Wherever a line in the data holds the word "sides", pull that line out.

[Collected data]
* * * * *
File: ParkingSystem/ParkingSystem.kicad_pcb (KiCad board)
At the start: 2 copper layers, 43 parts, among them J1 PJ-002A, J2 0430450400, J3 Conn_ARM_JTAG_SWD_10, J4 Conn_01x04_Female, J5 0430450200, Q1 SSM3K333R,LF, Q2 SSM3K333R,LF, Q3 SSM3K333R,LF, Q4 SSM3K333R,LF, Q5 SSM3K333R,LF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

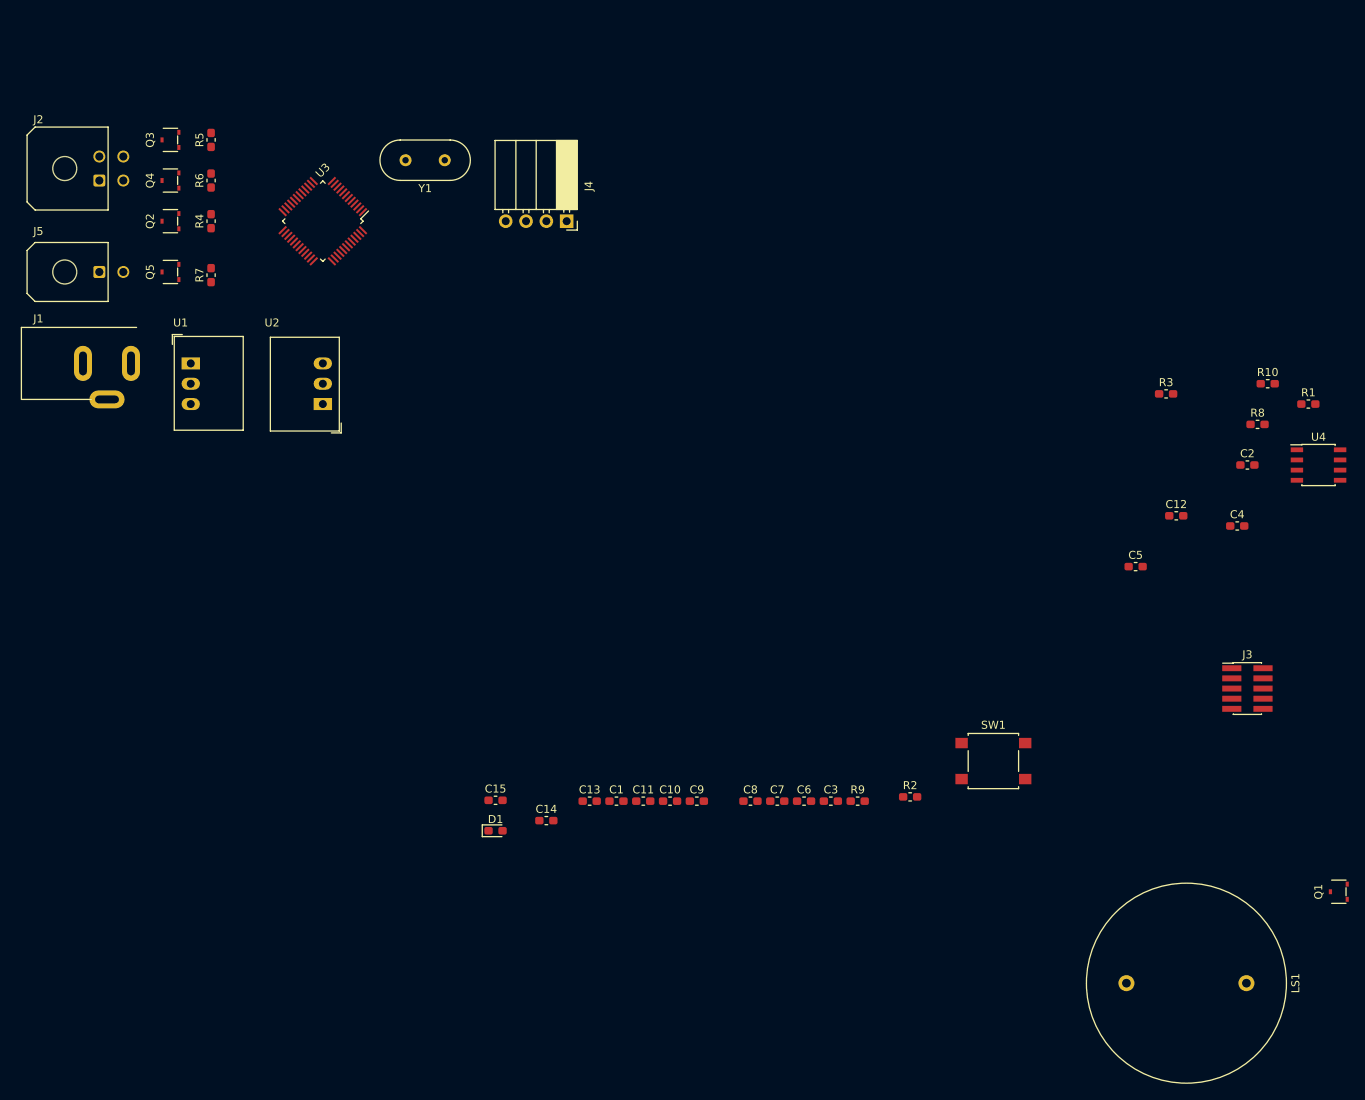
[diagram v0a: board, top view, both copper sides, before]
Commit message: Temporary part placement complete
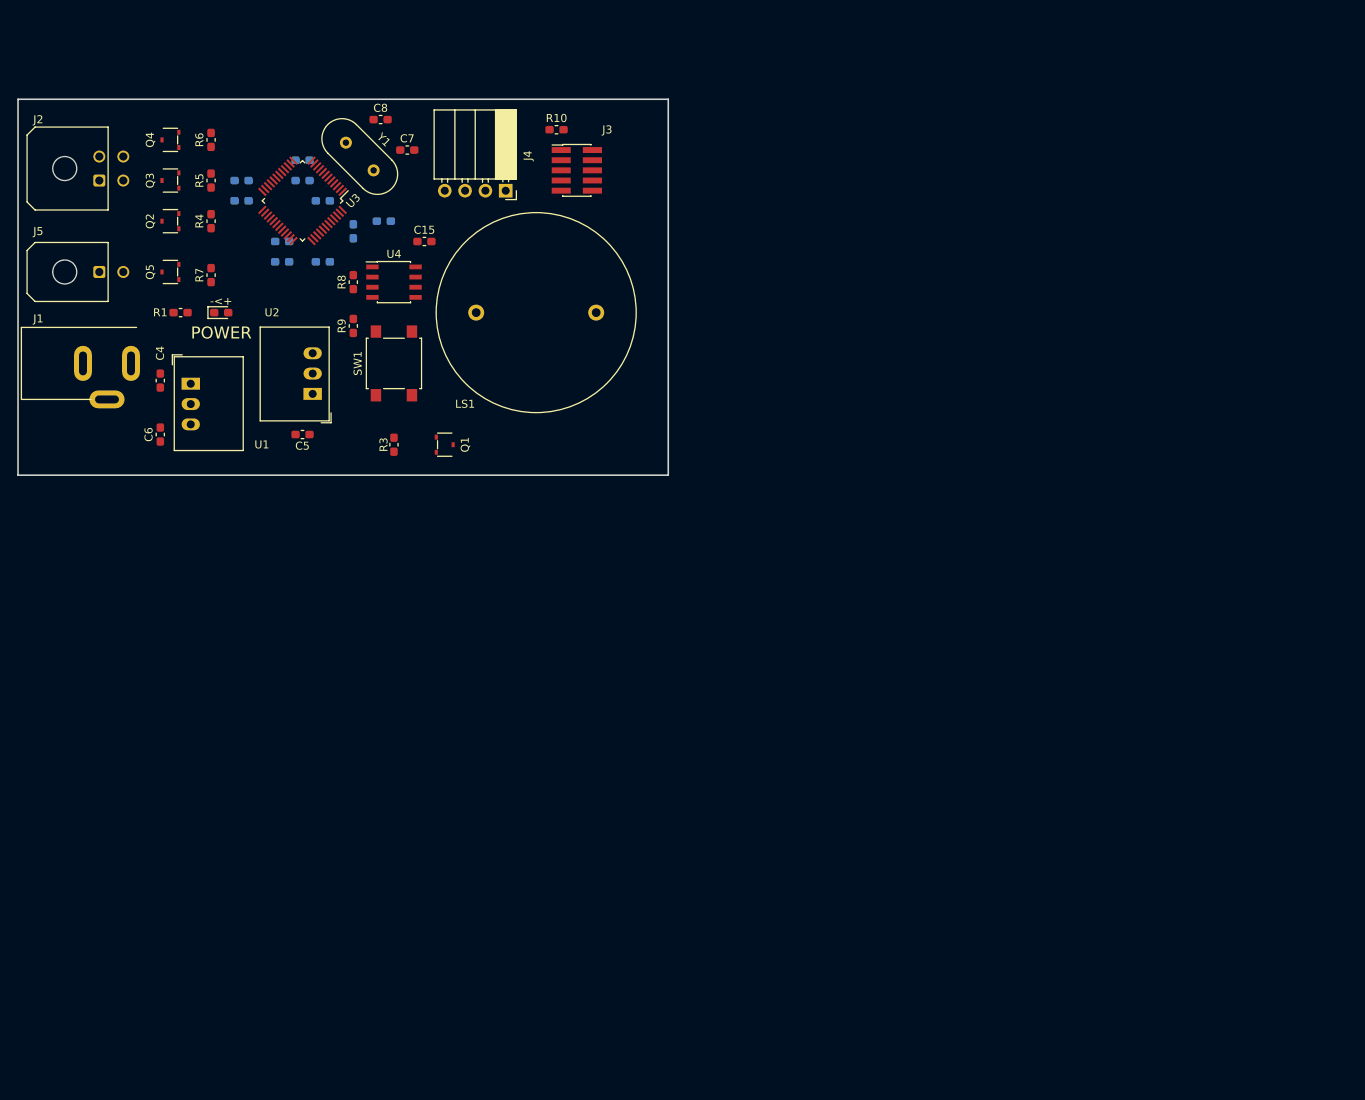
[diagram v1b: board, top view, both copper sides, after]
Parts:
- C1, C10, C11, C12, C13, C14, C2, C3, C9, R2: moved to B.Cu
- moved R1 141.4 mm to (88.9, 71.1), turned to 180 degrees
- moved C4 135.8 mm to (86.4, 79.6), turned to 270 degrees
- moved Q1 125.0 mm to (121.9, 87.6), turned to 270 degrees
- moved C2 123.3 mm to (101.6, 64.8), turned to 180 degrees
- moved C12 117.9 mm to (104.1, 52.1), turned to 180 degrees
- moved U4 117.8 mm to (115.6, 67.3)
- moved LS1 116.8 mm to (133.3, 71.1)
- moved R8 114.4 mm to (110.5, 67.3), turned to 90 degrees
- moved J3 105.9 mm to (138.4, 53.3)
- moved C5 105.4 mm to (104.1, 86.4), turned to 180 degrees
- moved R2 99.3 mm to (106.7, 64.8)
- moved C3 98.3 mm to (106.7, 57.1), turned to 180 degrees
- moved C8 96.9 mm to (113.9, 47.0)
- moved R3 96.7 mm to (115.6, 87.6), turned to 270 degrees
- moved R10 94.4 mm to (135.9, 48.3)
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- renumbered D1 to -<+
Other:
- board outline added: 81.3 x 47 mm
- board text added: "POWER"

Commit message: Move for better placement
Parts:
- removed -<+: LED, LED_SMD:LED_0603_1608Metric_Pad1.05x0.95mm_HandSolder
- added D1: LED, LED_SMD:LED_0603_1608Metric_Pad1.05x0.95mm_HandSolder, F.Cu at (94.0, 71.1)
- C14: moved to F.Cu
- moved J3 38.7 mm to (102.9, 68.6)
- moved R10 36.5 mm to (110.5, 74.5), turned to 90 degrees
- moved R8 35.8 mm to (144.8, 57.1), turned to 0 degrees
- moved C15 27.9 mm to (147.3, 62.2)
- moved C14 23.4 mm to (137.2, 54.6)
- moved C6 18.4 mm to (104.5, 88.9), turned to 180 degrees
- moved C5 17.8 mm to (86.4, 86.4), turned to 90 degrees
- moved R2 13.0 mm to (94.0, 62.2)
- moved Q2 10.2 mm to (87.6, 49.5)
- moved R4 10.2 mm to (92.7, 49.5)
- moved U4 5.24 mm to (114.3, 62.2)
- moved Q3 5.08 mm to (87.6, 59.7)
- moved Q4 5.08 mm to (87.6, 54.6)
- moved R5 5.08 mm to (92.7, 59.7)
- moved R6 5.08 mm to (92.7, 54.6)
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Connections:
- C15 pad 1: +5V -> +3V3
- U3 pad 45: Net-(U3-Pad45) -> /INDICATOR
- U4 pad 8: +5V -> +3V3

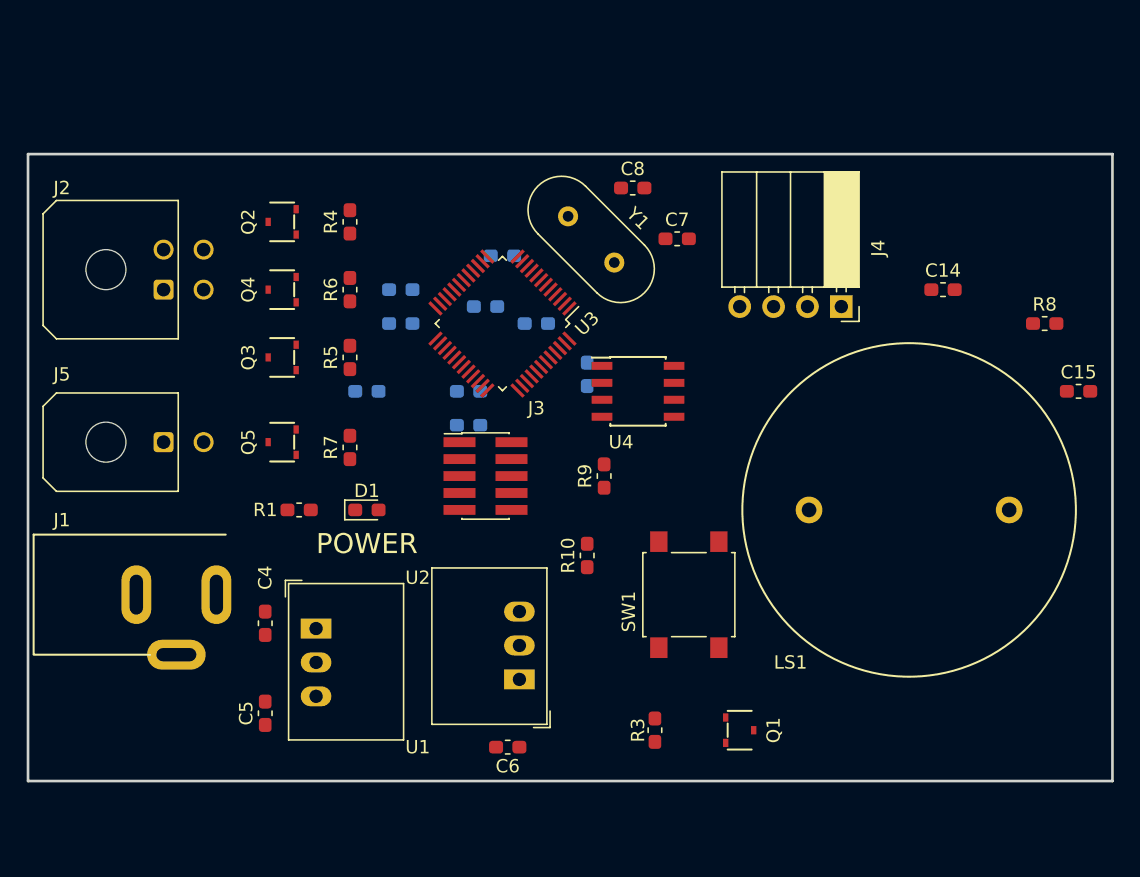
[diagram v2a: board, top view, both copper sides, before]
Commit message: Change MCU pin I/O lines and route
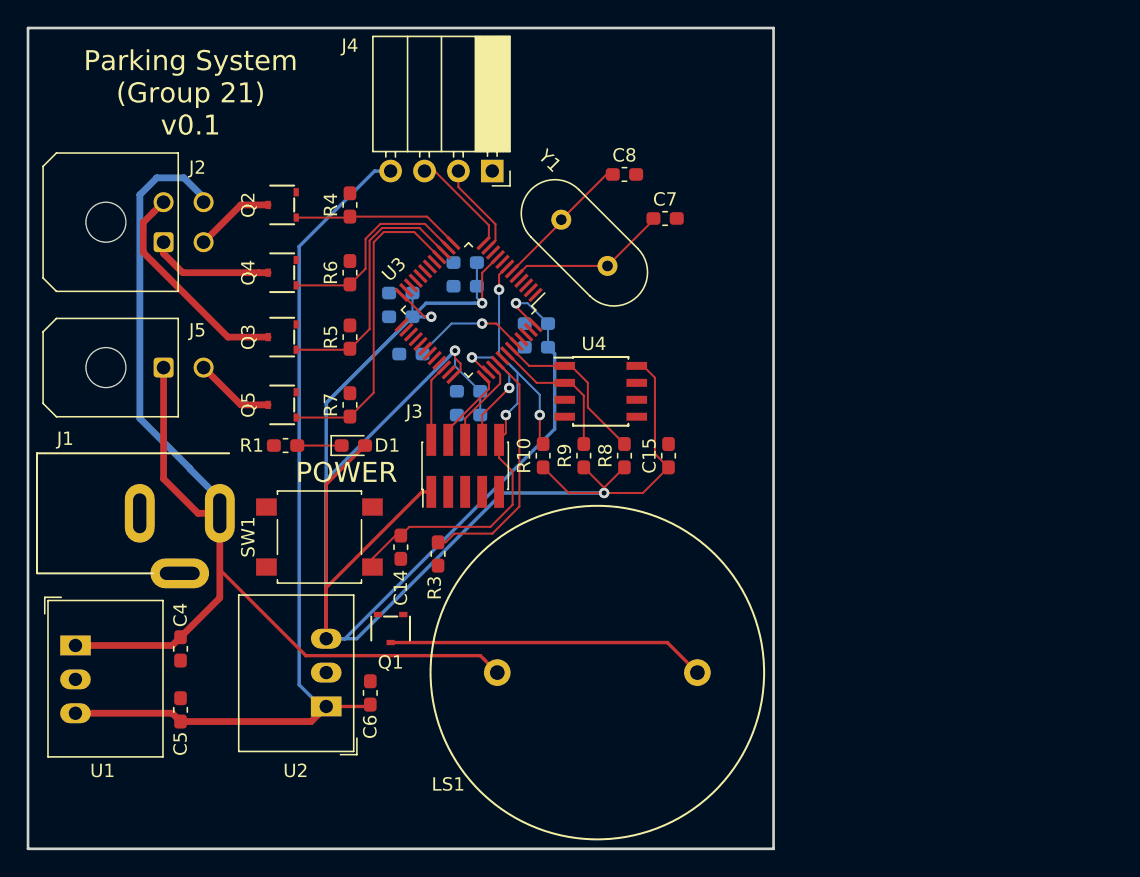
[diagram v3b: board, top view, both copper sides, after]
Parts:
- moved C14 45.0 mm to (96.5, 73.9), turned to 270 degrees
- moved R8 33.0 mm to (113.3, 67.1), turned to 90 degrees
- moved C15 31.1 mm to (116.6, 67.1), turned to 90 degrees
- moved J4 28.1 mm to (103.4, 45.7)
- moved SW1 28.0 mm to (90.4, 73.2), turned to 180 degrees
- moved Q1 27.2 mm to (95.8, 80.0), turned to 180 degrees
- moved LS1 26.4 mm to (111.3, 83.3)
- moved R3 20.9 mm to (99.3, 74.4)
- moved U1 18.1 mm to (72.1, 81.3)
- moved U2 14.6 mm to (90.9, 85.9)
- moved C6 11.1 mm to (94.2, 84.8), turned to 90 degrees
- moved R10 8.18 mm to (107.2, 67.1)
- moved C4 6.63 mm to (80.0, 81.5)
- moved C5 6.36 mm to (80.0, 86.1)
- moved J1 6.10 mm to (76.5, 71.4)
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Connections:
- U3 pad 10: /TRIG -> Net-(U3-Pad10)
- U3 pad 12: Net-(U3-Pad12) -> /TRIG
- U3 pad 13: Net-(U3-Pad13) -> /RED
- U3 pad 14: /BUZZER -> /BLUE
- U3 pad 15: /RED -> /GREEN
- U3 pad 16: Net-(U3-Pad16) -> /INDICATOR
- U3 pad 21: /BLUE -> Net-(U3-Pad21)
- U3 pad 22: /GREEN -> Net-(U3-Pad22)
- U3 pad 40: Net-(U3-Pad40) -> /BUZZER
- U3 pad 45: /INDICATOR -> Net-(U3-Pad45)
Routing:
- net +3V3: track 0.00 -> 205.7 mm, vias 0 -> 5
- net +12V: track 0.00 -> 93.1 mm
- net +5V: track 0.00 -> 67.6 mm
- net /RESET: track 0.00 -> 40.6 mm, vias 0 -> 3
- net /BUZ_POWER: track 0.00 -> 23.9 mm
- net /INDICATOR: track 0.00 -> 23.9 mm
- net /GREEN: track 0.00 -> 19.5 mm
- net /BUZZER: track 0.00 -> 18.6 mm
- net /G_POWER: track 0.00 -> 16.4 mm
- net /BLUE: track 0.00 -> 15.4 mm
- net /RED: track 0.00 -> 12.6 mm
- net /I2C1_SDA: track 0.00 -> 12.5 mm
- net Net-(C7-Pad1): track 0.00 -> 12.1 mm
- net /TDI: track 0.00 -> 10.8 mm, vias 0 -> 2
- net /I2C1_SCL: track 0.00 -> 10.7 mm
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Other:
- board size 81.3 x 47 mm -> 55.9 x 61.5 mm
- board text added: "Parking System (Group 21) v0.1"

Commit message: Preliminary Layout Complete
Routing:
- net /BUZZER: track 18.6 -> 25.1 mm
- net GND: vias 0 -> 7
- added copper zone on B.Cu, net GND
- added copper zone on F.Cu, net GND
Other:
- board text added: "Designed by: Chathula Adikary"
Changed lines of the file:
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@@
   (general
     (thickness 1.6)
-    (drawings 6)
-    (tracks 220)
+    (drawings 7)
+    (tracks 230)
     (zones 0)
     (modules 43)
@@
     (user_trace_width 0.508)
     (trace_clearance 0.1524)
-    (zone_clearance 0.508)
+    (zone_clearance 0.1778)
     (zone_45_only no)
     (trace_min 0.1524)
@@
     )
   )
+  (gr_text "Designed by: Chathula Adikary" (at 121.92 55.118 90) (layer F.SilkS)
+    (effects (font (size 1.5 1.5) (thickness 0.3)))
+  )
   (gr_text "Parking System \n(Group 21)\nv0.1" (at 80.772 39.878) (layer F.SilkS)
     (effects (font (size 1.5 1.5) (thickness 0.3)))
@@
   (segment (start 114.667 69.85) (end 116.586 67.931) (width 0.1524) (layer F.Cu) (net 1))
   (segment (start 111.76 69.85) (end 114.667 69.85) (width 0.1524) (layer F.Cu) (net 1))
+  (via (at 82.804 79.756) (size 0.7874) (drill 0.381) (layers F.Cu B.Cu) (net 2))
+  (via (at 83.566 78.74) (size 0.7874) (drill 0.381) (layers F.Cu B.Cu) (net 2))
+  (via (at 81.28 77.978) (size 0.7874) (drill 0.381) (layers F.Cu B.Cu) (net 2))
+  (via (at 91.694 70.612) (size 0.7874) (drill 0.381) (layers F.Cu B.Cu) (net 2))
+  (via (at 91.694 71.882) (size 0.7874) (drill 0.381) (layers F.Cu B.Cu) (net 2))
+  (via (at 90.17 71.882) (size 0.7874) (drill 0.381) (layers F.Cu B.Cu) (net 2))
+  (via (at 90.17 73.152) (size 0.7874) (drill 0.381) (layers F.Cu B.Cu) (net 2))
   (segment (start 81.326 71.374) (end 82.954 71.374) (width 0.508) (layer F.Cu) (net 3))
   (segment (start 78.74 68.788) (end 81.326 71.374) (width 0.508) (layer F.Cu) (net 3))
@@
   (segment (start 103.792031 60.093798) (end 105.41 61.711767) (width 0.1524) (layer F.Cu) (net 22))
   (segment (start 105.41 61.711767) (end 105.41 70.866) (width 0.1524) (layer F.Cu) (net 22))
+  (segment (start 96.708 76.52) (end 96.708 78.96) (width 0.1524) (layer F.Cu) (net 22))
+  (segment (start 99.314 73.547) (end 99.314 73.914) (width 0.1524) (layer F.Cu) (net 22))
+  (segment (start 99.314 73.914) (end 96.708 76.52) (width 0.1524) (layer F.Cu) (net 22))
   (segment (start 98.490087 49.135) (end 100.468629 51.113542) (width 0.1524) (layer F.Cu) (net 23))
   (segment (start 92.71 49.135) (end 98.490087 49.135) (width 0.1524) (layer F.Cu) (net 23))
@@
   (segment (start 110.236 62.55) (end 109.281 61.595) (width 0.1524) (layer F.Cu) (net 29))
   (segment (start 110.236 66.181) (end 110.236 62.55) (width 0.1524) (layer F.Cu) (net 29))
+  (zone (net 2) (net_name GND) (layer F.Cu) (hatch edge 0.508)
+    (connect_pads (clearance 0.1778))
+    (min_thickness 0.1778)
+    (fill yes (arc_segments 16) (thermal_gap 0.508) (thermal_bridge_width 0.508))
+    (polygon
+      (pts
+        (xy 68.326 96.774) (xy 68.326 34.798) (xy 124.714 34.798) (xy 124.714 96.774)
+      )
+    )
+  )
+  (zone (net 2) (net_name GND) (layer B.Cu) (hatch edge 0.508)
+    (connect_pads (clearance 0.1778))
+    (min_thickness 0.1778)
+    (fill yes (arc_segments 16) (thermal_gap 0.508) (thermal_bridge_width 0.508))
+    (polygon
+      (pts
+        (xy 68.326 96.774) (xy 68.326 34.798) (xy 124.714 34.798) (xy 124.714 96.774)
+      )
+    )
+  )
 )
* * * * *
◆ RESULT FOR THIS EXERCISE:
[diagram v0a: board, top view, both copper sides, before]
[diagram v1b: board, top view, both copper sides, after]
[diagram v2a: board, top view, both copper sides, before]
[diagram v3b: board, top view, both copper sides, after]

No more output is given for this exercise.